Comme déjà dit (cf. notre compte-rendu de Tannhäuser), la scène du théâtre de la Passion d’Erl ne dispose d’aucun des dispositifs techniques (dessous, dessus, coulisses, fosse d’orchestre) dont bénéficie la grande majorité des théâtres lyriques. Condamné à « faire simple », Gustave Kuhn essaie de donner à chacune de ses productions un petit air de « pas déjà vu » en ajoutant essentiellement des accessoires et quelques éléments de décor, et en faisant jouer sur le cyclorama des couleurs (vert, rouge, bleu et jaune) d’une absolue laideur (on rêve vraiment de voir tout cela en noir et blanc !). Aussi, était-il nécessaire, dans des conditions techniques aussi précaires, d’ajouter entre l’orchestre et la scène sept colonnes à section rectangulaire de près de 8 mètres de haut, et qui plus est de les faire tourner sur elles-mêmes (!) au milieu du premier acte ? L’une d’elles, se décrochant du haut, est venue s’abattre sur l’orchestre dans le cri d’une spectatrice essayant de prévenir les artistes de ce qu’aucun ne pouvait voir venir. Une violoniste est blessée à la tête, son violon détruit, Le chef vient après une longue interruption nous donner de ses nouvelles : elle n’a aucun traumatisme grave ; nous lui souhaitons un prompt rétablissement. Le reste de la représentation se déroule sans autre catastrophe, malgré la présence d’une immense échelle métallique se renversant au-dessus du public sous les cris d’inquiétude de ce dernier, tandis que Klingsor, accroché tel un artiste de cirque, continue imperturbablement ses vociférations.
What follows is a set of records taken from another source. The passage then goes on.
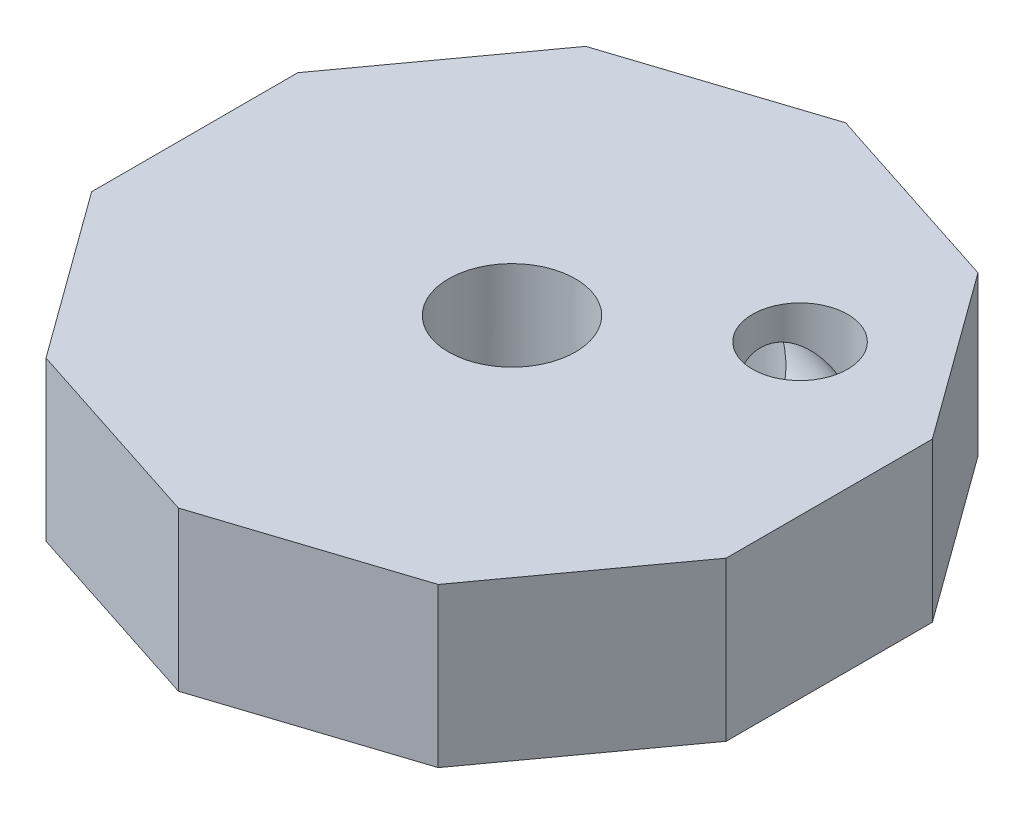
from build123d import *

# Parameters (mm, degrees)
BOSS_EXTRUDE1_DEPTH = 5
SKETCH2_R           = 1.5
SKETCH2_R_2         = 2
CUT_EXTRUDE1_DEPTH  = 5
SKETCH4_R           = 3
CUT_EXTRUDE2_DEPTH  = 1.5
SKETCH11_R          = 1.5
SKETCH17_R          = 1.5


with BuildPart() as part:
    # Sketch1 → Boss-Extrude1 (new body)
    with BuildSketch(Plane(origin=(0, 0, 0), x_dir=(1, 0, 0), z_dir=(0, 1, 0))):
        Polygon((6.180339887, -8.506508084), (10, -3.249196962), (10, 3.249196962), (6.180339887, 8.506508084), (0, 10.514622242), (-6.180339887, 8.506508084), (-10, 3.249196962), (-10, -3.249196962), (-6.180339887, -8.506508084), (0, -10.514622242), align=None)
    extrude(amount=BOSS_EXTRUDE1_DEPTH)

    # Sketch2 → Cut-Extrude1 (cut)
    with BuildSketch(Plane(origin=(0, 5, 0), x_dir=(1, 0, 0), z_dir=(0, 1, 0))):
        with Locations((5.258610463, 3.82060414)):
            Circle(SKETCH2_R)
        Circle(SKETCH2_R_2)
    extrude(amount=-CUT_EXTRUDE1_DEPTH, mode=Mode.SUBTRACT)

    # Sketch4 → Cut-Extrude2 (cut)
    with BuildSketch(Plane.XZ):
        Circle(SKETCH4_R)
    extrude(amount=-CUT_EXTRUDE2_DEPTH, mode=Mode.SUBTRACT)

    # Cut-Sweep5: sweep along a path in Sketch12
    with BuildLine(Plane(origin=(1.625, 0, -5.001235748), x_dir=(-0.9510565162951587, 0, -0.30901699437493163), z_dir=(0.30901699437493163, 0, -0.9510565162951587))) as cut_sweep5_path:
        Line((0.17939586, 0), (0.17939586, 2.499199175))
        Line((0.17939586, 2.499199175), (-3.82060414, 2.499199175))
    # Sketch11 → Cut-Sweep5 (sweep, cut)
    with BuildSketch(Plane.XZ):
        with Locations((1.454384398, -5.056672117)):
            Circle(SKETCH11_R)
    sweep(path=cut_sweep5_path.line, transition=Transition.RIGHT, mode=Mode.SUBTRACT)

    # Cut-Sweep6: sweep along a path in Sketch18
    with BuildLine(Plane.ZY.offset(-5.258610463)) as cut_sweep6_path:
        Line((0.17939586, 0), (0.17939586, 2.5))
        Line((0.17939586, 2.5), (-3.82060414, 2.5))
    # Sketch17 → Cut-Sweep6 (sweep, cut)
    with BuildSketch(Plane.XZ):
        with Locations((5.258610463, 0.17939586)):
            Circle(SKETCH17_R)
    sweep(path=cut_sweep6_path.line, transition=Transition.RIGHT, mode=Mode.SUBTRACT)


solid = part.part

La direction de Gustav Kuhn est comme toujours d’une haute tenue, sans toutefois atteindre à la clarté orchestrale incomparable de Boulez lors de ses derniers Parsifal à Bayreuth. Avec le peu de respirations données par le chef à l’orchestre, les scènes s’enchaînent à une cadence accélérée. De ce fait, on regrette notamment de ne pas entendre – malgré un orchestre pourtant paradoxalement souvent trop présent – ces fulgurances soudaines et ces éclats d’acier que l’on attend.
Malgré les couleurs saint-sulpiciennes du cyclorama, la mise en scène de Gustav Kuhn est plus profane que religieuse, et plus proche d’Harry Potter et de Shrek que des romans de chevalerie. Et même si une croix apparaît un moment, on pense plutôt à une imagerie populaire : donc opéra peu sacré auquel il manque ici le mystère et la religiosité, et que concluent les enfants d’Erl à la tenue scénique parfaite, apportant des rameaux d’arbres divers. Il faut dire aussi que des filles fleurs kitchissimes, un lâcher d’énormes fleurs en papier du plafond, et les choix de costumes n’arrangent pas les choses… Les chœurs, comme toujours d’une grande perfection, ne suffisent pas non plus à infléchir l’impression générale de drame profane, encore accentuée par la transposition dans les années 30, où Amfortas est une espèce de gangster en costume blanc et chaussure rouges à la « Certains l’aiment chaud ».
Vocalement parlant, l’ensemble est magnifique. On retrouve avec plaisir trois chanteurs qui, deux jours auparavant faisaient partie de la distribution de Tannhäuser, et qui confirment ici, et au-delà, leurs possibilités vocales et expressives parfaitement adaptées à leur rôle. L’Amfortas de Thomas Gazheli, est impressionnant tant de force vocale que d’expressivité et d’intelligence du texte. Le Klingsor de Michael Kupfer est vocalement aussi superbe que son Wolfram, tandis que sa prestation d’acteur lui est encore supérieure. Quant à Mona Somm, elle est une Kundry aussi sauvage que sa Vénus ; il est des Kundry à la voix plus grave, mais rarement la caractérisation nous a semblé aussi égale sur toute l’étendue de la tessiture, avec des éclats particulièrement adaptés au personnage et à son évolution. À leurs côtés, Franz Hawlata, transformé en professeur d’école, campe un Gurnemantz intéressant, particulièrement humain, à la voix peut-être pas assez sombre, mais à la haute tenue vocale. Michael Doumas est un Titurel de qualité. En Parsifal, Michael Baba a fort à faire pour se hisser au niveau de ses partenaires, mais y arrive plus qu’honorablement : c’est très naturellement qu’il chante et exprime fort bien le chaste fol. Les filles fleurs sont parfaites, de même que les deux ritter (Wolfram Wittekind et Frederik Baldus), et les knappe. La danseuse Claudia Czyz, enfin, évoque, en une très courte apparition, un cygne émouvant, puis continue de participer avec intelligence et grâce à l’évolution de l’action.